08-15-2008, 09:01 AM
Join Date: Jul 2008
Re: Casino for Wonderland? Not gone to the dogs yet.
A closer look at casinos
August 15, 2008
THE HOUSE may have killed Governor Patrick's casino gambling bill in March, but it didn't disprove the evidence that the licensing of three resort casinos would be a net benefit for Massachusetts. The latest forensic report comes from Spectrum Gaming Group, an independent research firm, which estimates Patrick's plan would generate about $1.5 billion in gross gambling revenues during the first year of operation.

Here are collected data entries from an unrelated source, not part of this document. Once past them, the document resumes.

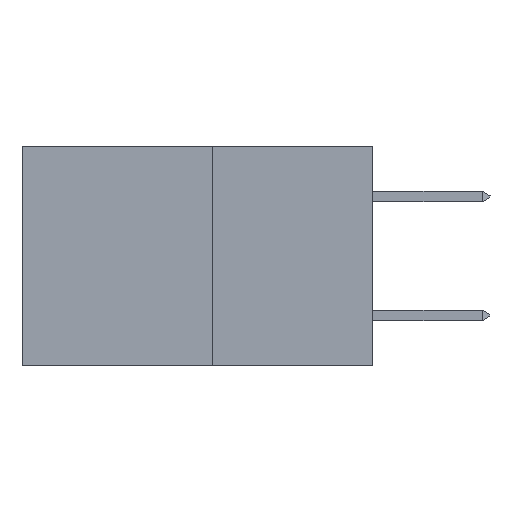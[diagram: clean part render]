
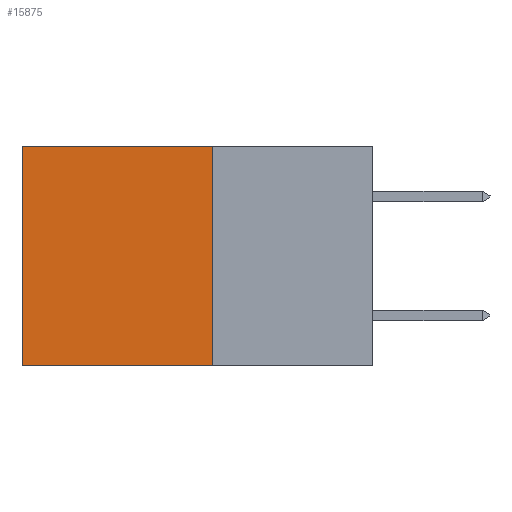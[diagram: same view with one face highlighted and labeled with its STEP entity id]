
A CAD part, left-side view. The second image highlights one B-rep face of the part: STEP entity #15875.
In plain terms, the highlighted planar face has unit normal (-1, 0, 0).
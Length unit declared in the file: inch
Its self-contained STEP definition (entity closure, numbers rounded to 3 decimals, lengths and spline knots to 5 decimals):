
#196 = LINE ( 'NONE', #6924, #12238 ) ;
#691 = CARTESIAN_POINT ( 'NONE',  ( 0.277, 0.27, -0.37 ) ) ;
#1121 = VECTOR ( 'NONE', #23111, 39.37008 ) ;
#1870 = DIRECTION ( 'NONE',  ( 0., 1., 0. ) ) ;
#2352 = PLANE ( 'NONE',  #14723 ) ;
#2412 = ORIENTED_EDGE ( 'NONE', *, *, #28488, .F. ) ;
#2601 = CARTESIAN_POINT ( 'NONE',  ( 0.277, 0.27, 0. ) ) ;
#5196 = ORIENTED_EDGE ( 'NONE', *, *, #19458, .T. ) ;
#5425 = ORIENTED_EDGE ( 'NONE', *, *, #8869, .T. ) ;
#6851 = DIRECTION ( 'NONE',  ( 0., 0., -1. ) ) ;
#6924 = CARTESIAN_POINT ( 'NONE',  ( 0.277, 0.59, -0.37 ) ) ;
#6968 = LINE ( 'NONE', #28965, #12536 ) ;
#8346 = LINE ( 'NONE', #8696, #1121 ) ;
#8696 = CARTESIAN_POINT ( 'NONE',  ( 0.277, 0.27, -0.37 ) ) ;
#8869 = EDGE_CURVE ( 'NONE', #18255, #29278, #196, .T. ) ;
#9768 = CARTESIAN_POINT ( 'NONE',  ( 0.277, 0.59, -0.37 ) ) ;
#11443 = CARTESIAN_POINT ( 'NONE',  ( 0.277, 0.27, 0. ) ) ;
#12019 = DIRECTION ( 'NONE',  ( 1., 0., 0. ) ) ;
#12238 = VECTOR ( 'NONE', #6851, 39.37008 ) ;
#12536 = VECTOR ( 'NONE', #16788, 39.37008 ) ;
#14723 = AXIS2_PLACEMENT_3D ( 'NONE', #24070, #12019, #28985 ) ;
#15241 = VERTEX_POINT ( 'NONE', #691 ) ;
#15875 = ADVANCED_FACE ( 'NONE', ( #25527 ), #2352, .F. ) ;
#16788 = DIRECTION ( 'NONE',  ( 0., 0., -1. ) ) ;
#18255 = VERTEX_POINT ( 'NONE', #30432 ) ;
#19045 = ORIENTED_EDGE ( 'NONE', *, *, #30220, .F. ) ;
#19458 = EDGE_CURVE ( 'NONE', #27537, #18255, #30977, .T. ) ;
#23111 = DIRECTION ( 'NONE',  ( 0., 1., 0. ) ) ;
#24070 = CARTESIAN_POINT ( 'NONE',  ( 0.277, 0.27, -0.37 ) ) ;
#24493 = VECTOR ( 'NONE', #1870, 39.37008 ) ;
#24738 = EDGE_LOOP ( 'NONE', ( #5425, #19045, #2412, #5196 ) ) ;
#25527 = FACE_OUTER_BOUND ( 'NONE', #24738, .T. ) ;
#27537 = VERTEX_POINT ( 'NONE', #2601 ) ;
#28488 = EDGE_CURVE ( 'NONE', #27537, #15241, #6968, .T. ) ;
#28965 = CARTESIAN_POINT ( 'NONE',  ( 0.277, 0.27, -0.37 ) ) ;
#28985 = DIRECTION ( 'NONE',  ( 0., 0., -1. ) ) ;
#29278 = VERTEX_POINT ( 'NONE', #9768 ) ;
#30220 = EDGE_CURVE ( 'NONE', #15241, #29278, #8346, .T. ) ;
#30432 = CARTESIAN_POINT ( 'NONE',  ( 0.277, 0.59, 0. ) ) ;
#30977 = LINE ( 'NONE', #11443, #24493 ) ;
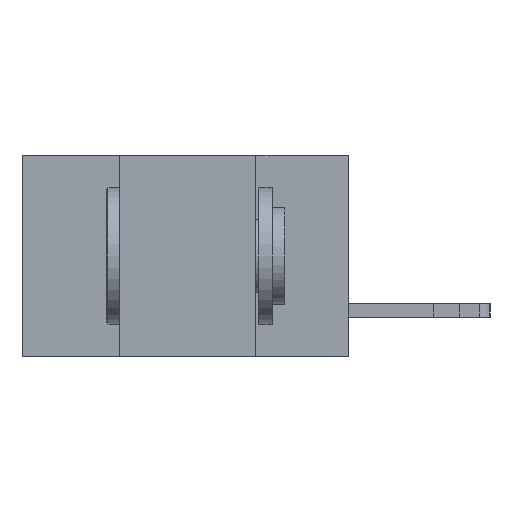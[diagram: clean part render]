
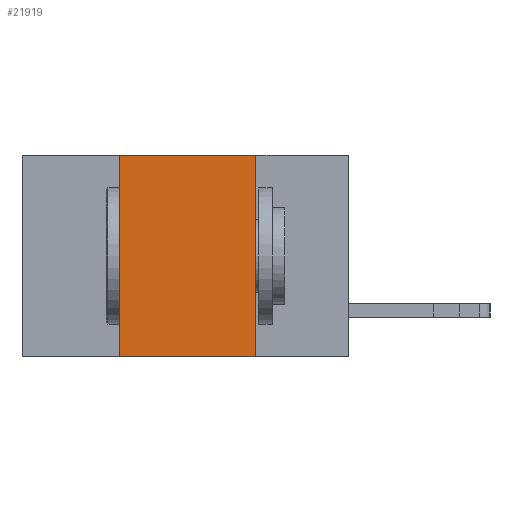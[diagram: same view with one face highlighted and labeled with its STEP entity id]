
A CAD part, left-side view. The second image highlights one B-rep face of the part: STEP entity #21919.
In plain terms, the highlighted planar face has unit normal (-1, 0, 0).
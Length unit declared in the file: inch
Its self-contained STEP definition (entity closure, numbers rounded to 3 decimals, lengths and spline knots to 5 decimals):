
#33 = EDGE_CURVE ( 'NONE', #10424, #16399, #1962, .T. ) ;
#773 = ORIENTED_EDGE ( 'NONE', *, *, #16245, .F. ) ;
#1398 = EDGE_LOOP ( 'NONE', ( #8800, #773, #16306, #5430 ) ) ;
#1595 = DIRECTION ( 'NONE',  ( 1., 0., 0. ) ) ;
#1962 = LINE ( 'NONE', #2941, #19635 ) ;
#2840 = DIRECTION ( 'NONE',  ( 0., 0., 1. ) ) ;
#2941 = CARTESIAN_POINT ( 'NONE',  ( 0., 0.42, 0. ) ) ;
#2979 = VERTEX_POINT ( 'NONE', #8107 ) ;
#4348 = LINE ( 'NONE', #21579, #4908 ) ;
#4908 = VECTOR ( 'NONE', #16463, 39.37008 ) ;
#5067 = AXIS2_PLACEMENT_3D ( 'NONE', #12311, #1595, #14099 ) ;
#5430 = ORIENTED_EDGE ( 'NONE', *, *, #9877, .T. ) ;
#7398 = LINE ( 'NONE', #11766, #11603 ) ;
#8107 = CARTESIAN_POINT ( 'NONE',  ( 0., 0.17, 0. ) ) ;
#8800 = ORIENTED_EDGE ( 'NONE', *, *, #12916, .F. ) ;
#9877 = EDGE_CURVE ( 'NONE', #10424, #16327, #7398, .T. ) ;
#10044 = CARTESIAN_POINT ( 'NONE',  ( 0., 0.17, -0.37 ) ) ;
#10424 = VERTEX_POINT ( 'NONE', #21954 ) ;
#11453 = LINE ( 'NONE', #20195, #16138 ) ;
#11603 = VECTOR ( 'NONE', #20438, 39.37008 ) ;
#11766 = CARTESIAN_POINT ( 'NONE',  ( 0., 0.6, -0.37 ) ) ;
#12311 = CARTESIAN_POINT ( 'NONE',  ( 0., 0.6, 0. ) ) ;
#12916 = EDGE_CURVE ( 'NONE', #2979, #16327, #4348, .T. ) ;
#14099 = DIRECTION ( 'NONE',  ( 0., 0., -1. ) ) ;
#15463 = CARTESIAN_POINT ( 'NONE',  ( 0., 0.42, 0. ) ) ;
#16138 = VECTOR ( 'NONE', #21899, 39.37008 ) ;
#16245 = EDGE_CURVE ( 'NONE', #16399, #2979, #11453, .T. ) ;
#16306 = ORIENTED_EDGE ( 'NONE', *, *, #33, .F. ) ;
#16327 = VERTEX_POINT ( 'NONE', #10044 ) ;
#16399 = VERTEX_POINT ( 'NONE', #15463 ) ;
#16463 = DIRECTION ( 'NONE',  ( 0., 0., -1. ) ) ;
#18018 = FACE_OUTER_BOUND ( 'NONE', #1398, .T. ) ;
#19635 = VECTOR ( 'NONE', #2840, 39.37008 ) ;
#20195 = CARTESIAN_POINT ( 'NONE',  ( 0., 0.6, 0. ) ) ;
#20438 = DIRECTION ( 'NONE',  ( 0., -1., 0. ) ) ;
#21579 = CARTESIAN_POINT ( 'NONE',  ( 0., 0.17, 0. ) ) ;
#21899 = DIRECTION ( 'NONE',  ( 0., -1., 0. ) ) ;
#21919 = ADVANCED_FACE ( 'NONE', ( #18018 ), #22595, .F. ) ;
#21954 = CARTESIAN_POINT ( 'NONE',  ( 0., 0.42, -0.37 ) ) ;
#22595 = PLANE ( 'NONE',  #5067 ) ;

Last winter's raucous debate on the issue pitted Patrick, a seemingly reluctant convert to the cause of casino gambling, against House Speaker Salvatore DiMasi, a passionate foe of casinos. At times, each side overstated its case. The Patrick administration exaggerated the potential number of construction jobs. DiMasi and casino opponents magnified the likely social costs, including compulsive gambling. But this month's Spectrum study and an earlier independent study sponsored by the Greater Boston Chamber of Commerce provide each side with plenty of objective analysis to consider. And with the Legislature out of formal session until January, members have plenty of time to digest the facts.
The Spectrum study supports the administration's basic assumption that casino gambling, if tightly regulated, deserves a place in the state's economy. Three well-placed destination casinos would attract $650 million to $900 million in casino spending from neighboring states and recover at least half of the $1.1 billion now spent by Massachusetts residents on casinos in Connecticut and Rhode Island, according to the study. The state could expect nearly $600 million in annual casino-related tax revenue, including meals and hotel taxes, and the creation of 20,000 new jobs. Social impacts, including traffic and other disruptions, are legitimate concerns. But they could be minimized with proper planning.
Mind the details
Patrick got the basics right, the report suggests. He sought to steer clear of undercapitalized slot machine parlors at racetracks and recognized the importance of including an Indian casino in his planning.
But the landscape keeps shifting. This week, for example, Suffolk Downs and Wonderland Greyhound Park formed a partnership that will be looking to build a resort-style casino in Boston. Such an urban casino could serve the city's convention trade. But it could also attract too many local "convenience" and problem gamblers instead of a broader and healthier demographic in search of destination casino amenities such as shows and restaurants.
If Patrick has any hope to convince the Legislature that casinos belong in Massachusetts, then he must gain lawmakers' confidence in his ability to negotiate the toughest deal with wily casino developers. The Spectrum study makes the essential point that public officials will enjoy a negotiating advantage only during the competitive bidding stage when industry officials will be anxious to prove that their presence will benefit the public. The study makes a powerful case that the state should insist up front on financial plans that advance job training and promote tourism and the convention business over convenience gambling. State officials should also stand firm on the need to protect the lottery, up to and including a requirement that casinos indemnify the lottery against any losses from casino competition.
Beware of false promises
The report issues another important warning - about casino operators who seek to win licenses by offering more than the proposed 27 percent tax rate on gambling proceeds set by the Patrick administration. Offers of higher rates are often a smokescreen for fewer jobs and other public benefits. When dealing with casinos, the most important skill is always to know when to walk away from the table.
The report's authors know all the angles played by casino developers. But the Patrick administration will need to show plenty of political skill to persuade DiMasi and other opponents that destination casinos can still be a good deal for Massachusetts. It's clear that Patrick's plan to use the tax proceeds from casino gambling for transportation infrastructure and modest property tax relief didn't resonate with the House. He will need a new strategy next year.
There are many unmet needs in state government, so Patrick has his pick of ways to show how the extra revenue would benefit Massachusetts. In June, for instance, he unveiled his Readiness Project - a major redesign of the state's public education system. The costs are still being worked out. But the prospect of generating hundreds of millions of dollars annually for education could alter the casino debate.
Patrick's casino effort failed this year, but a bill that offers clear benefits for Massachusetts while imposing strict discipline on casino developers might be the strong hand in 2009.
? Copyright 2008 The New York Times Company
A good clear article on the future politics of casinos. I, personally, think a big time casino would be a good addition. That being said, I don't live in Eastie or gamble much, I would like it more for the entertainment it could bring to the city and easy Blue line transport. I think if they kept the race track it could make horse racing big again, which would be fun.